Using the material below, return exactly the lines between the one holding "(SDI), U9.6 (D1)" and the one holding "(SCL), U9.4 (S2)", inclusive, and no others.

Start of MATERIAL SUPPLIED

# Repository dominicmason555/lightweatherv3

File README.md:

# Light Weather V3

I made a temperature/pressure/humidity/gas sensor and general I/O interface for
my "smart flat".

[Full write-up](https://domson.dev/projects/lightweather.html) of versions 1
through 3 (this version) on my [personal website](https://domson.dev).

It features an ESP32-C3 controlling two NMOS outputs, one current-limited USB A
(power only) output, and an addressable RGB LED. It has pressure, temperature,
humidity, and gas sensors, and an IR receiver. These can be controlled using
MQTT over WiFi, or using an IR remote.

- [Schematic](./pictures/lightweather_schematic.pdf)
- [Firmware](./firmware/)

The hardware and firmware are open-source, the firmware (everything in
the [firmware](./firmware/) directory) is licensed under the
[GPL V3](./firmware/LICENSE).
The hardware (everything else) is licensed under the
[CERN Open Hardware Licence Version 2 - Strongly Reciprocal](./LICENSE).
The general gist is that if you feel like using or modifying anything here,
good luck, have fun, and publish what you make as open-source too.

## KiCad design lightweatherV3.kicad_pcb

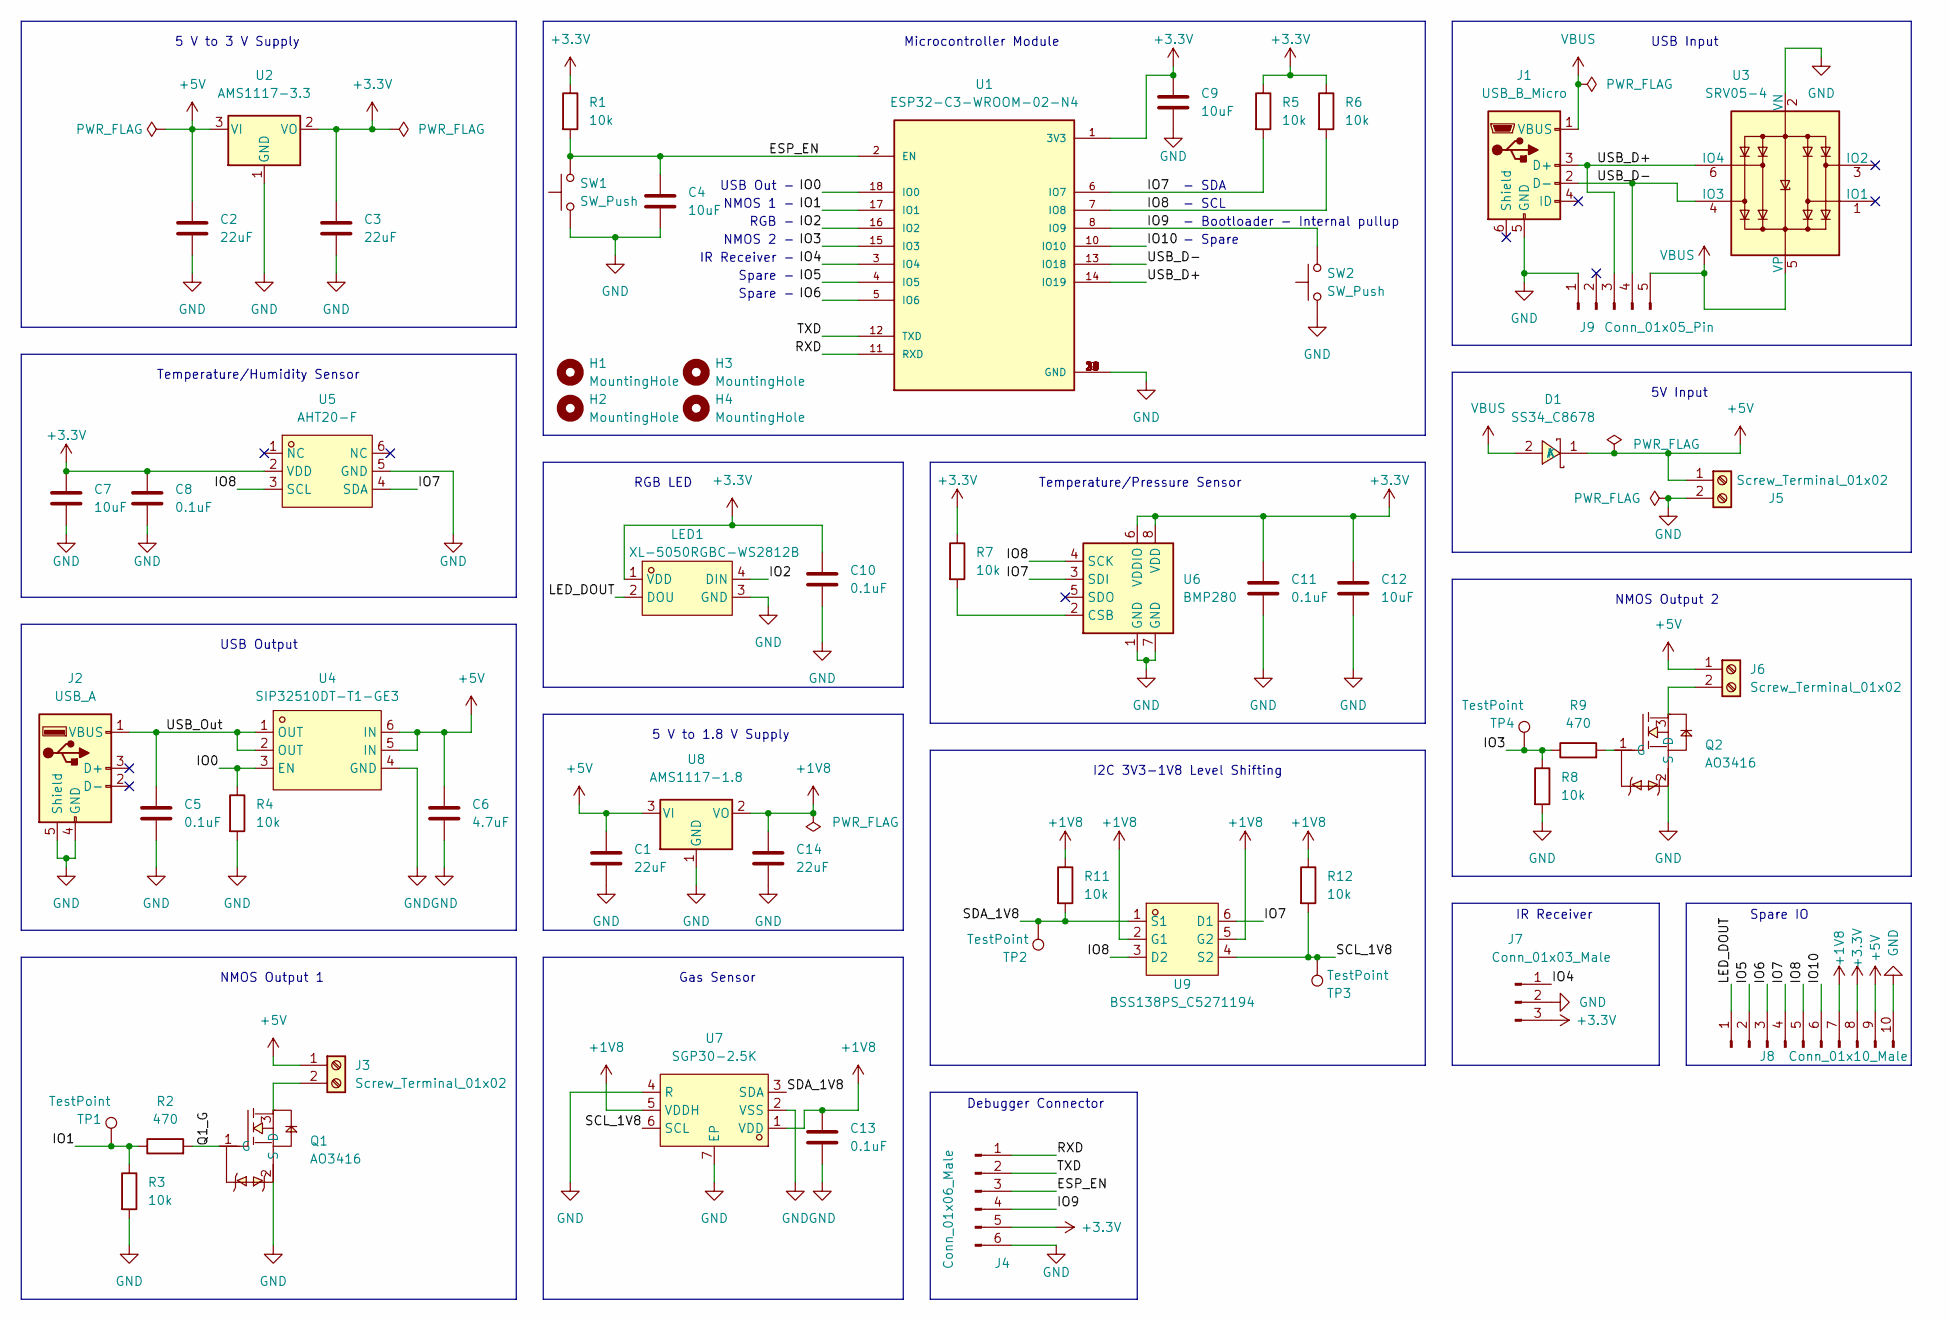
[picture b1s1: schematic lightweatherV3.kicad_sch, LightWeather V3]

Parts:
C1, C2, C3, C14: 22uF; C_0805_2012Metric_Pad1.18x1.45mm_HandSolder
C4, C7, C9, C12: 10uF; C_0805_2012Metric_Pad1.18x1.45mm_HandSolder
C5, C8, C10, C11, C13: 0.1uF; C_0805_2012Metric_Pad1.18x1.45mm_HandSolder
C6: 4.7uF; C_0805_2012Metric_Pad1.18x1.45mm_HandSolder
D1: SS34_C8678; SMA_L4.3-W2.6-LS5.2-RD; LCSC Part C8678
H1, H2, H3, H4: MountingHole; MountingHole_3.2mm_M3
J1: USB_B_Micro; MICRO-USB-SMD_U254-051T-4BH83-S1S
J2: USB_A; USB_A_Molex_67643_Horizontal
J3, J5, J6: Screw_Terminal_01x02; TerminalBlock_Altech_AK300-2_P5.00mm
J4: Conn_01x06_Male; PinHeader_1x06_P2.54mm_Vertical
J7: Conn_01x03_Male; PinHeader_1x03_P2.54mm_Vertical
J8: Conn_01x10_Male; PinHeader_1x10_P2.54mm_Vertical
J9: Conn_01x05_Pin; PinHeader_1x05_P2.54mm_Vertical
LED1: XL-5050RGBC-WS2812B; LED-SMD_4P-L5.0-W5.0-BL_XL-5050RGBC; LCSC Part C2843785
Q1, Q2: AO3416; SOT-23-3_L2.9-W1.6-P1.90-LS2.8-BR; LCSC Part C43307
R1, R3, R4, R5, R6, R7, R8, R11, R12: 10k; R_0805_2012Metric_Pad1.20x1.40mm_HandSolder
R2, R9: 470; R_0805_2012Metric_Pad1.20x1.40mm_HandSolder
SW1, SW2: SW_Push; SW_PUSH_6mm
TP1, TP2, TP3, TP4: TestPoint; TestPoint_Pad_D2.0mm
U1: ESP32-C3-WROOM-02-N4; MODULE_ESP32-C3-WROOM-02-H4
U2: AMS1117-3.3; SOT-223-3_TabPin2
U3: SRV05-4; SOT-23-6
U4: SIP32510DT-T1-GE3; SOT-23-6_L2.9-W1.6-P0.95-LS2.8-BR; LCSC Part C145264
U5: AHT20-F; SENSOR-SMD-6_AHT20; LCSC Part C3012622
U6: BMP280; Bosch_LGA-8_2x2.5mm_P0.65mm_ClockwisePinNumbering
U7: SGP30-2.5K; DFN-6_L2.5-W2.5-P0.8-BL-EP; LCSC Part C514454
U8: AMS1117-1.8; SOT-223-3_TabPin2
U9: BSS138PS_C5271194; SOT-23-6_L2.9-W1.6-P0.95-LS2.8-BR; LCSC Part C5271194

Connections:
+1V8: C13.1, C14.1, J8.7, R11.1, R12.1, U7.1 (VDD), U7.5 (VDDH), U8.2 (VO), U9.2 (G1), U9.5 (G2)
+3.3V: C3.1, C7.1, C8.1, C9.1, C10.1, C11.1, C12.1, J4.5, J7.3, J8.8, LED1.1 (VDD), R1.1, R5.1, R6.1, R7.1, U1.1 (3V3), U2.2 (VO), U5.2 (VDD), U6.6 (VDDIO), U6.8 (VDD)
+5V: C1.1, C2.1, C6.1, D1.1 (K), J3.1, J5.1, J6.1, J8.9, U2.3 (VI), U4.5 (IN), U4.6 (IN), U8.3 (VI)
/ESP_EN: C4.1, J4.3, R1.2, SW1.2, U1.2 (EN)
/IO0: R4.1, U1.18 (IO0), U4.3 (EN)
/IO1: R2.1, R3.1, TP1.1, U1.17 (IO1)
/IO2: LED1.4 (DIN), U1.16 (IO2)
/IO3: R8.1, R9.1, TP4.1, U1.15 (IO3)
/IO4: J7.1, U1.3 (IO4)
/IO5: J8.2, U1.4 (IO5)
/IO6: J8.3, U1.5 (IO6)
/IO7: J8.4, R5.2, U1.6 (IO7), U5.4 (SDA), U6.3 (SDI), U9.6 (D1)
/IO8: J8.5, R6.2, U1.7 (IO8), U5.3 (SCL), U6.4 (SCK), U9.3 (D2)
/IO9: J4.4, SW2.2, U1.8 (IO9)
/IO10: J8.6, U1.10 (IO10)
/LED_DOUT: J8.1, LED1.2 (DOU)
/Q1_G: Q1.1 (G), R2.2
/RXD: J4.1, U1.11 (RXD)
/SCL_1V8: R12.2, TP3.1, U7.6 (SCL), U9.4 (S2)
/SDA_1V8: R11.2, TP2.1, U7.3 (SDA), U9.1 (S1)
/TXD: J4.2, U1.12 (TXD)
/USB_D+: J1.3 (D+), J9.3, U1.14 (IO19), U3.6 (IO4)
/USB_D-: J1.2 (D-), J9.4, U1.13 (IO18), U3.4 (IO3)
/USB_Out: C5.1, J2.1 (VBUS), U4.1 (OUT), U4.2 (OUT)
GND: C1.2, C2.2, C3.2, C4.2, C5.2, C6.2, C7.2, C8.2, C9.2, C10.2, C11.2, C12.2, C13.2, C14.2, J1.5 (GND), J2.4 (GND), J2.5 (Shield), J4.6, J5.2, J7.2, J8.10, J9.1, LED1.3 (GND), Q1.2 (S), Q2.2 (S), R3.2, R4.2, R8.2, SW1.1, SW2.1, U1.9 (GND), U1.19 (GND), U1.20 (GND), U1.21 (GND), U1.22 (GND), U1.23 (GND), U1.24 (GND), U1.25 (GND), U1.26 (GND), U1.27 (GND), U1.28 (GND), U1.29 (GND), U1.30 (GND), U1.31 (GND), U1.32 (GND), U1.33 (GND), U1.34 (GND), U1.35 (GND), U1.36 (GND), U1.37 (GND), U1.38 (GND), U1.39 (GND), U2.1 (GND), U3.2 (VN), U4.4 (GND), U5.5 (GND), U6.1 (GND), U6.7 (GND), U7.2 (VSS), U7.4 (R), U7.7 (EP), U8.1 (GND)
unnamed: J3.2, Q1.3 (D)
unnamed: J6.2, Q2.3 (D)
unnamed: Q2.1 (G), R9.2
unnamed: R7.2, U6.2 (CSB)
VBUS: D1.2 (A), J1.1 (VBUS), J9.5, U3.5 (VP)

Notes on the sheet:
- Bootloader - Internal pullup
- SDA
Spare IO
5 V to 1.8 V Supply
NMOS Output 1
Debugger Connector
- SCL
NMOS Output 2
5V Input
NMOS 1 -
USB Input
5 V to 3 V Supply
USB Out -
RGB LED
IR Receiver -
Temperature/Humidity Sensor
NMOS 2 -
IR Receiver
I2C 3V3-1V8 Level Shifting
Microcontroller Module
Temperature/Pressure Sensor
Spare -
Gas Sensor
RGB -
- Spare
USB Output

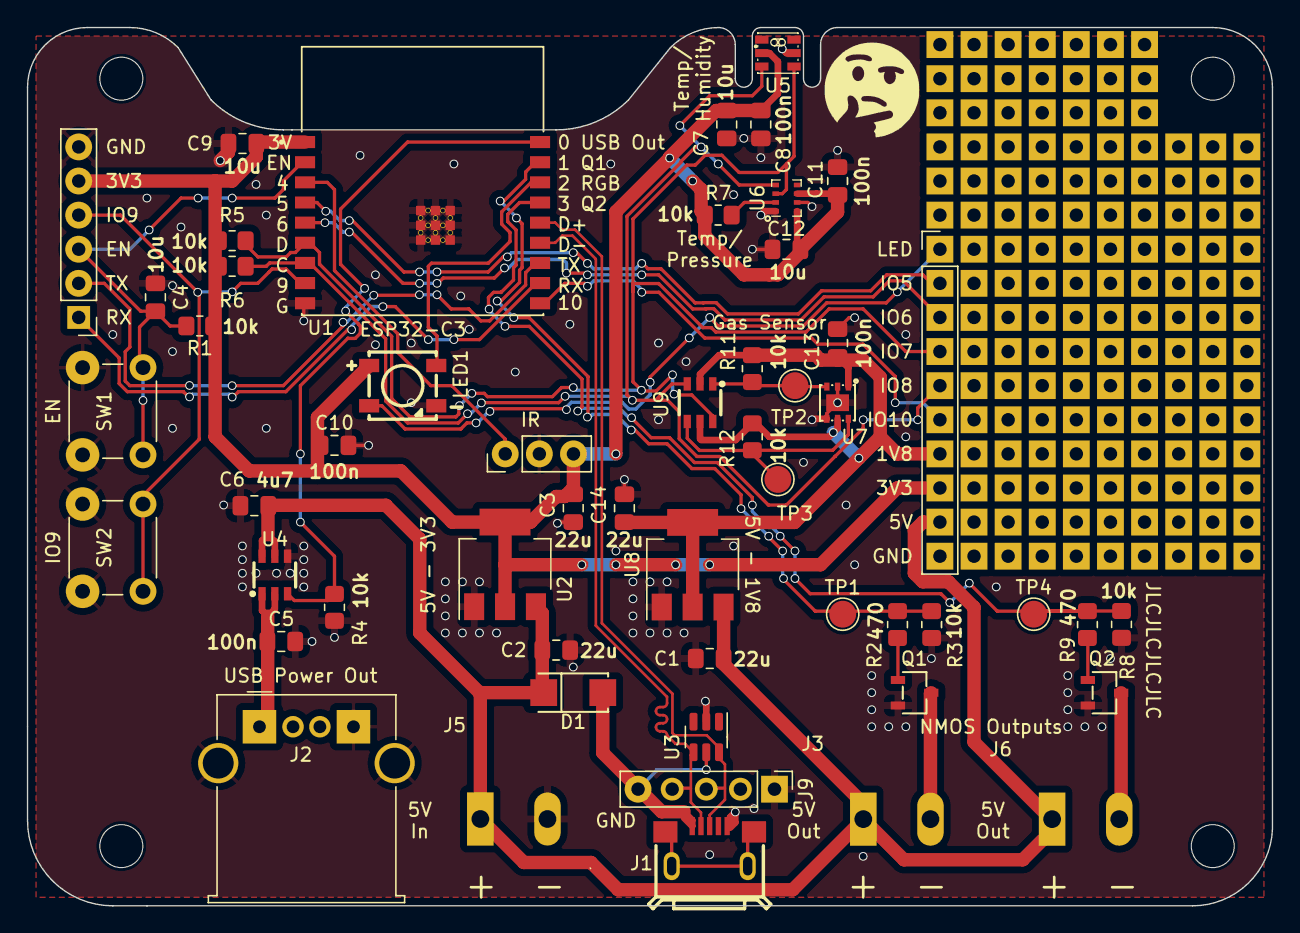
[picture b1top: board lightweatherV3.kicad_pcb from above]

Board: 2 copper layers, 92.7 x 65.4 mm, 57 parts (0 on the bottom side), 30 nets.

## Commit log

2024-09-10 Initial
2024-09-10 Added README and firmware
2024-09-10 Added license
2024-09-11 Typo

End of MATERIAL SUPPLIED

WRITTEN SOLUTION
/IO7: J8.4, R5.2, U1.6 (IO7), U5.4 (SDA), U6.3 (SDI), U9.6 (D1)
/IO8: J8.5, R6.2, U1.7 (IO8), U5.3 (SCL), U6.4 (SCK), U9.3 (D2)
/IO9: J4.4, SW2.2, U1.8 (IO9)
/IO10: J8.6, U1.10 (IO10)
/LED_DOUT: J8.1, LED1.2 (DOU)
/Q1_G: Q1.1 (G), R2.2
/RXD: J4.1, U1.11 (RXD)
/SCL_1V8: R12.2, TP3.1, U7.6 (SCL), U9.4 (S2)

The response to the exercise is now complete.